I recently purchased a PIE XM5-VW auxiliary adapter in order to connect my Skyfi3 unit through the CD changer port in the trunk of my 2003 Jetta TDI. I was beginning to install it this evening when I ran into a few questions that I hope someone can help with. Does anyone here have experience installing this item?
1. I removed the plastic piece that covers the port in the rear driver's side of the trunk. I noticed that I was not able to easily slide on the XM5-VW connector because there is two metal tabs sticking out of the sides of the port in the trunk. Should I force the XM5-VW adapter over these tabs? if the adapter was forced on, I notice there is openings on either side of the adapter that the tabs would would fit through.
2. Just to be certain, which way should the adapter be oriented? It appears that the row of 5 pins should be on top and the row with four pins on bottom. Is this correct?
Thanks in advance!


----------



## otaku91 (Feb 2, 2004)

*Re: PIE XM5-VW Install Questions (otaku91)*

OK, it looks like I found the answer to my question by looking at CD changer install directions on the web.
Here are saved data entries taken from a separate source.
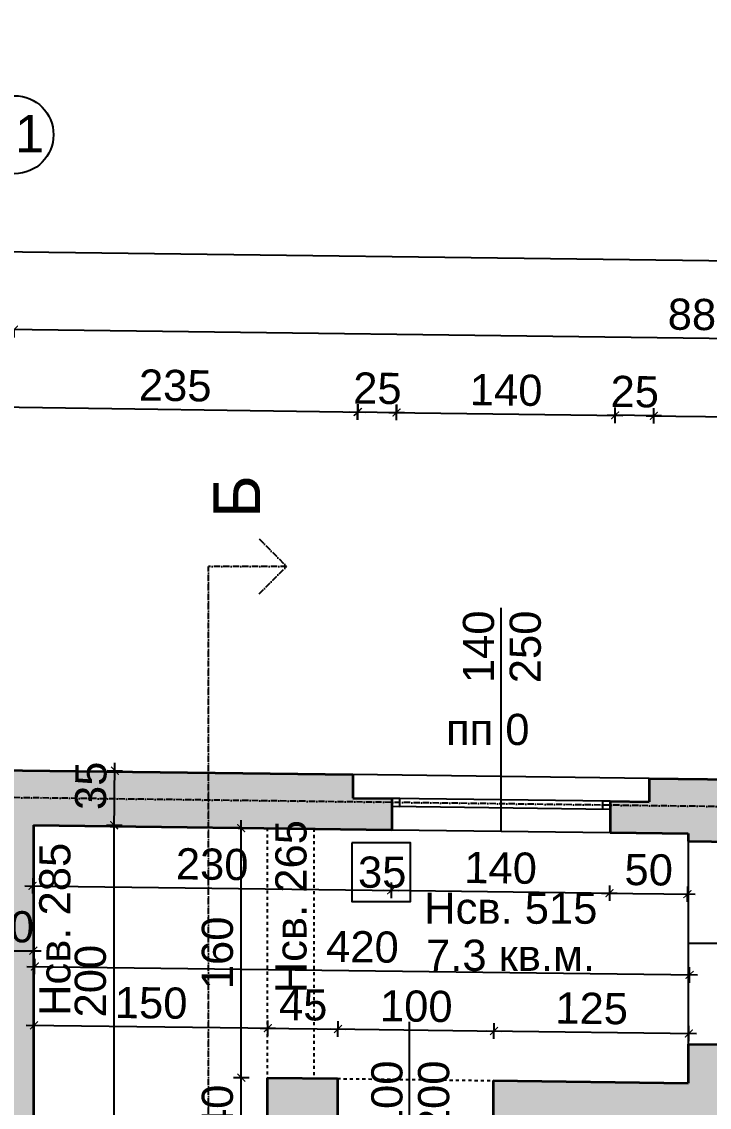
# Model space of a CAD drawing. Header units: inches. Extents: x -72385 to 39588, y -6525 to 66685.
# Drawn here: x -41120 to -40679, y 2769 to 3465 of the extents above; entities that cross this region are included whole.
import ezdxf

# ---------------------------------------------------------------- set-up
doc = ezdxf.new("R2010")
doc.units = ezdxf.units.IN
doc.header["$MEASUREMENT"] = 0
doc.linetypes.add('DashDot', pattern=[0.6, 0.4, -0.1, 0, -0.1])
doc.linetypes.add('Hidden', pattern=[0.4, 0.2, -0.2])
for name, color, linetype, lineweight in [('Изгледни линии', 253, 'Continuous', 25), ('Линия на разрез', 252, 'DashDot', 25), ('Надписи Hсв', 252, 'Continuous', 25), ('Надписи врати', 252, 'Continuous', 25), ('Надписи коти външни', 252, 'Continuous', 25), ('Надписи коти вътрешни', 252, 'Continuous', 25), ('Надписи номера на пом.', 252, 'Continuous', 25), ('Надписи Оси', 252, 'Continuous', 25), ('Надписи площ', 252, 'Continuous', 25), ('Надписи прозорци', 252, 'Continuous', 25), ('Оси', 252, 'DashDot', 25), ('Прозорци', 251, 'Continuous', 25), ('Пунктир', 253, 'Hidden', 25), ('Разрезни линии', 7, 'Continuous', 35), ('Щрих стени', 254, 'Continuous', 25)]:
    doc.layers.add(name, color=color, linetype=linetype, lineweight=lineweight)
doc.styles.add('Arial Regular', font='arial.ttf')
doc.styles.get("Standard").update_dxf_attribs({"font": 'arial.ttf'})
doc.dimstyles.new('Annotative', dxfattribs={"dimscale": 0, "dimtxt": 20, "dimasz": 5, "dimexe": 5, "dimexo": 5, "dimgap": 5, "dimtad": 1, "dimdec": 0, "dimzin": 0, "dimdsep": 46, "dimtxsty": 'Standard', "dimblk": 'ARCHTICK', "dimcen": 5, "dimdle": 5, "dimadec": 0, "dimazin": 0, "dimtfac": 1, "dimtdec": 0, "dimtofl": 0, "dimtmove": 0, "dimatfit": 3, "dimldrblk": 'ARCHTICK', "dimfxl": 5, "dimfxlon": 1, "dimtolj": 1, "dimtzin": 0, "dimarcsym": 1})

# ---------------------------------------------------------------- blocks, each defined once
blk = doc.blocks.new('_ArchTick')
at = {"color": 0, "linetype": 'ByBlock', "const_width": 0.15}
blk.add_lwpolyline([(-0.5, -0.5), (0.5, 0.5)], dxfattribs=at)
blk = doc.blocks.new('*D1935')
at = {"layer": 'Defpoints', "color": 0, "ltscale": 50, "transparency": 16777216}
for p in [(-40961.96, 2819.69), (-41112.34, 2789.7), (-40962.34, 2787.92)]:
    blk.add_point(p, dxfattribs=at)
at = {"layer": 'Надписи коти вътрешни', "color": 0, "lineweight": -2, "ltscale": 50, "transparency": 16777216}
for p, q in [((-41112.02, 2816.47), (-41111.9, 2826.47)), ((-41116.96, 2821.53), (-40956.96, 2819.63)), ((-40962.02, 2814.69), (-40961.9, 2824.69))]:
    blk.add_line(p, q, dxfattribs=at)
at = {"layer": 'Надписи коти вътрешни', "color": 0, "lineweight": -2, "ltscale": 50, "transparency": 16777216, "xscale": 5, "yscale": 5, "zscale": 5}
for p, rotation in [((-41111.96, 2821.47), 179.3192486696436), ((-40961.96, 2819.69), 359.3192486696436)]:
    blk.add_blockref('_ArchTick', p, dxfattribs=dict(at, rotation=rotation))
at = {"layer": 'Надписи коти вътрешни', "color": 0, "ltscale": 50, "transparency": 16777216, "insert": (-41036.78, 2835.79), "char_height": 20, "attachment_point": 5, "rotation": 359.31925}
blk.add_mtext('\\A1;150', dxfattribs=at)
blk = doc.blocks.new('*D1936')
at = {"layer": 'Defpoints', "color": 0, "ltscale": 50, "transparency": 16777216}
for p in [(-40916.93, 2819.12), (-40962.34, 2787.92), (-40917.34, 2787.34)]:
    blk.add_point(p, dxfattribs=at)
at = {"layer": 'Надписи коти вътрешни', "color": 0, "lineweight": -2, "ltscale": 50, "transparency": 16777216}
for p, q in [((-40966.93, 2819.75), (-40911.93, 2819.05)), ((-40962, 2814.69), (-40961.87, 2824.69)), ((-40917, 2814.12), (-40916.87, 2824.12))]:
    blk.add_line(p, q, dxfattribs=at)
at = {"layer": 'Надписи коти вътрешни', "color": 0, "lineweight": -2, "ltscale": 50, "transparency": 16777216, "xscale": 5, "yscale": 5, "zscale": 5}
for p, rotation in [((-40961.93, 2819.69), 179.2706286525414), ((-40916.93, 2819.12), 359.2706286525413)]:
    blk.add_blockref('_ArchTick', p, dxfattribs=dict(at, rotation=rotation))
at = {"layer": 'Надписи коти вътрешни', "color": 0, "ltscale": 50, "transparency": 16777216, "insert": (-40939.24, 2834.57), "char_height": 20, "attachment_point": 5, "rotation": 359.27063}
blk.add_mtext('\\A1;45', dxfattribs=at)
blk = doc.blocks.new('*D1937')
at = {"layer": 'Defpoints', "color": 0, "ltscale": 50, "transparency": 16777216}
for p in [(-40816.93, 2817.84), (-40917.34, 2787.34), (-40817.34, 2786.07)]:
    blk.add_point(p, dxfattribs=at)
at = {"layer": 'Надписи коти вътрешни', "color": 0, "lineweight": -2, "ltscale": 50, "transparency": 16777216}
for p, q in [((-40921.93, 2819.18), (-40811.93, 2817.78)), ((-40917, 2814.12), (-40916.87, 2824.12)), ((-40817, 2812.84), (-40816.87, 2822.84))]:
    blk.add_line(p, q, dxfattribs=at)
at = {"layer": 'Надписи коти вътрешни', "color": 0, "lineweight": -2, "ltscale": 50, "transparency": 16777216, "xscale": 5, "yscale": 5, "zscale": 5}
for p, rotation in [((-40916.93, 2819.12), 179.2706286525463), ((-40816.93, 2817.84), 359.2706286525462)]:
    blk.add_blockref('_ArchTick', p, dxfattribs=dict(at, rotation=rotation))
at = {"layer": 'Надписи коти вътрешни', "color": 0, "ltscale": 50, "transparency": 16777216, "insert": (-40866.74, 2833.69), "char_height": 20, "attachment_point": 5, "rotation": 359.27063}
blk.add_mtext('\\A1;100', dxfattribs=at)
blk = doc.blocks.new('*D1938')
at = {"layer": 'Defpoints', "color": 0, "ltscale": 50, "transparency": 16777216}
for p in [(-40691.93, 2816.25), (-40817.34, 2786.07), (-40692.34, 2784.48)]:
    blk.add_point(p, dxfattribs=at)
at = {"layer": 'Надписи коти вътрешни', "color": 0, "lineweight": -2, "ltscale": 50, "transparency": 16777216}
for p, q in [((-40817, 2812.84), (-40816.87, 2822.84)), ((-40692, 2811.25), (-40691.87, 2821.25)), ((-40821.93, 2817.91), (-40686.93, 2816.19))]:
    blk.add_line(p, q, dxfattribs=at)
at = {"layer": 'Надписи коти вътрешни', "color": 0, "lineweight": -2, "ltscale": 50, "transparency": 16777216, "xscale": 5, "yscale": 5, "zscale": 5}
for p, rotation in [((-40816.93, 2817.84), 179.2706286525479), ((-40691.93, 2816.25), 359.2706286525479)]:
    blk.add_blockref('_ArchTick', p, dxfattribs=dict(at, rotation=rotation))
at = {"layer": 'Надписи коти вътрешни', "color": 0, "ltscale": 50, "transparency": 16777216, "insert": (-40754.24, 2832.26), "char_height": 20, "attachment_point": 5, "rotation": 359.27063}
blk.add_mtext('\\A1;125', dxfattribs=at)
blk = doc.blocks.new('*D1885')
at = {"layer": 'Defpoints', "color": 0, "ltscale": 50, "transparency": 16777216}
for p in [(-40691.45, 2853.84), (-41112.34, 2789.83), (-40692.34, 2784.48)]:
    blk.add_point(p, dxfattribs=at)
at = {"layer": 'Надписи коти вътрешни', "color": 0, "lineweight": -2, "ltscale": 50, "transparency": 16777216}
for p, q in [((-41111.52, 2854.19), (-41111.39, 2864.19)), ((-41116.45, 2859.25), (-40686.45, 2853.78)), ((-40691.52, 2848.84), (-40691.39, 2858.84))]:
    blk.add_line(p, q, dxfattribs=at)
at = {"layer": 'Надписи коти вътрешни', "color": 0, "lineweight": -2, "ltscale": 50, "transparency": 16777216, "xscale": 5, "yscale": 5, "zscale": 5}
for p, rotation in [((-41111.45, 2859.19), 179.2706286525467), ((-40691.45, 2853.84), 359.2706286525467)]:
    blk.add_blockref('_ArchTick', p, dxfattribs=dict(at, rotation=rotation))
at = {"layer": 'Надписи коти вътрешни', "color": 0, "ltscale": 50, "transparency": 16777216, "insert": (-40901.26, 2871.73), "char_height": 20, "attachment_point": 5, "rotation": 359.27063}
blk.add_mtext('\\A1;420', dxfattribs=at)
blk = doc.blocks.new('*D1887')
at = {"layer": 'Defpoints', "color": 0, "ltscale": 50, "transparency": 16777216}
for p in [(-41112.34, 2949.84), (-40882.34, 2946.91), (-40882.83, 2908.01)]:
    blk.add_point(p, dxfattribs=at)
at = {"layer": 'Надписи коти вътрешни', "color": 0, "lineweight": -2, "ltscale": 50, "transparency": 16777216}
for p, q in [((-41117.83, 2911), (-40877.83, 2907.95)), ((-41112.77, 2915.94), (-41112.9, 2905.94)), ((-40882.77, 2913.01), (-40882.9, 2903.01))]:
    blk.add_line(p, q, dxfattribs=at)
at = {"layer": 'Надписи коти вътрешни', "color": 0, "lineweight": -2, "ltscale": 50, "transparency": 16777216, "xscale": 5, "yscale": 5, "zscale": 5}
for p, rotation in [((-41112.83, 2910.94), 179.2706286525471), ((-40882.83, 2908.01), 359.2706286525471)]:
    blk.add_blockref('_ArchTick', p, dxfattribs=dict(at, rotation=rotation))
at = {"layer": 'Надписи коти вътрешни', "color": 0, "ltscale": 50, "transparency": 16777216, "insert": (-40997.64, 2924.69), "char_height": 20, "attachment_point": 5, "rotation": 359.27063}
blk.add_mtext('\\A1;230', dxfattribs=at)
blk = doc.blocks.new('*D1888')
at = {"layer": 'Defpoints', "color": 0, "ltscale": 50, "transparency": 16777216}
for p in [(-40882.34, 2946.91), (-40742.34, 2945.13), (-40742.83, 2906.23)]:
    blk.add_point(p, dxfattribs=at)
at = {"layer": 'Надписи коти вътрешни', "color": 0, "lineweight": -2, "ltscale": 50, "transparency": 16777216}
for p, q in [((-40882.77, 2913.01), (-40882.9, 2903.01)), ((-40742.77, 2911.23), (-40742.9, 2901.23)), ((-40887.83, 2908.07), (-40737.83, 2906.16))]:
    blk.add_line(p, q, dxfattribs=at)
at = {"layer": 'Надписи коти вътрешни', "color": 0, "lineweight": -2, "ltscale": 50, "transparency": 16777216, "xscale": 5, "yscale": 5, "zscale": 5}
for p, rotation in [((-40882.83, 2908.01), 179.2706286525478), ((-40742.83, 2906.23), 359.2706286525478)]:
    blk.add_blockref('_ArchTick', p, dxfattribs=dict(at, rotation=rotation))
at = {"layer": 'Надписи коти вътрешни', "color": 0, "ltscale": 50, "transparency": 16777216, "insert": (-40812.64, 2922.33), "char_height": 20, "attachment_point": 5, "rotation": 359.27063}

The port actually has a molded dust cover on it that needs to be removed before the adapter can be plugged in.
I now have one other question, though. I see some directions on the web for the CD Changer install note that the car should be taken into the dealer so they can use a VAG tool to change settings on the stereo to tell it an adapter is connected. Must this be done for the XM5-VW unit to function?
Thanks!


----------